ABOUT THIS TASK: Among the entries below, count the lines holding the string "surface". Respond with the number alone.

Stored dataset items

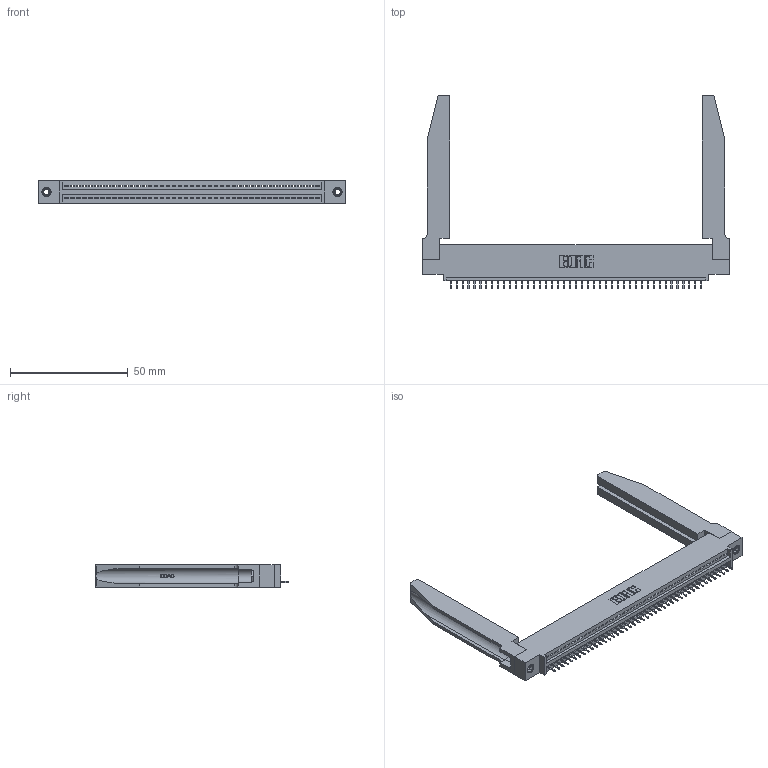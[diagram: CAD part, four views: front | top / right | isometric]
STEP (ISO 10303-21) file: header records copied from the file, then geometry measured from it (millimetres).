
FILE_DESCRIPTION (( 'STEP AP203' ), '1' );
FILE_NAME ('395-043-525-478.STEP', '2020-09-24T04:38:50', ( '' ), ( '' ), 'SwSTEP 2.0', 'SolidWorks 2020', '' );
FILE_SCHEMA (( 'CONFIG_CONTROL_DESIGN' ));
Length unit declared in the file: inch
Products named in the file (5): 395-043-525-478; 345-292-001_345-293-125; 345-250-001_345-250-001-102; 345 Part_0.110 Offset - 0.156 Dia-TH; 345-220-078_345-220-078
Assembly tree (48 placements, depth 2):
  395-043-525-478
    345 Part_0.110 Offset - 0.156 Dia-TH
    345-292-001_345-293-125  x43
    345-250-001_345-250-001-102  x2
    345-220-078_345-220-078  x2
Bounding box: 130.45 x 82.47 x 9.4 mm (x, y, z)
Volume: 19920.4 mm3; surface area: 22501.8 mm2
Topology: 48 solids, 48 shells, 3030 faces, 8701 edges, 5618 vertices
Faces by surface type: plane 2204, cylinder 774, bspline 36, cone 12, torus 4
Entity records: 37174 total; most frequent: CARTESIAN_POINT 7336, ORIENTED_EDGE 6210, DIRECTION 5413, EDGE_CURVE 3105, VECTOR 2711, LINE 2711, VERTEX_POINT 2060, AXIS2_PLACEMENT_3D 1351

RESULT OF THIS TASK: 2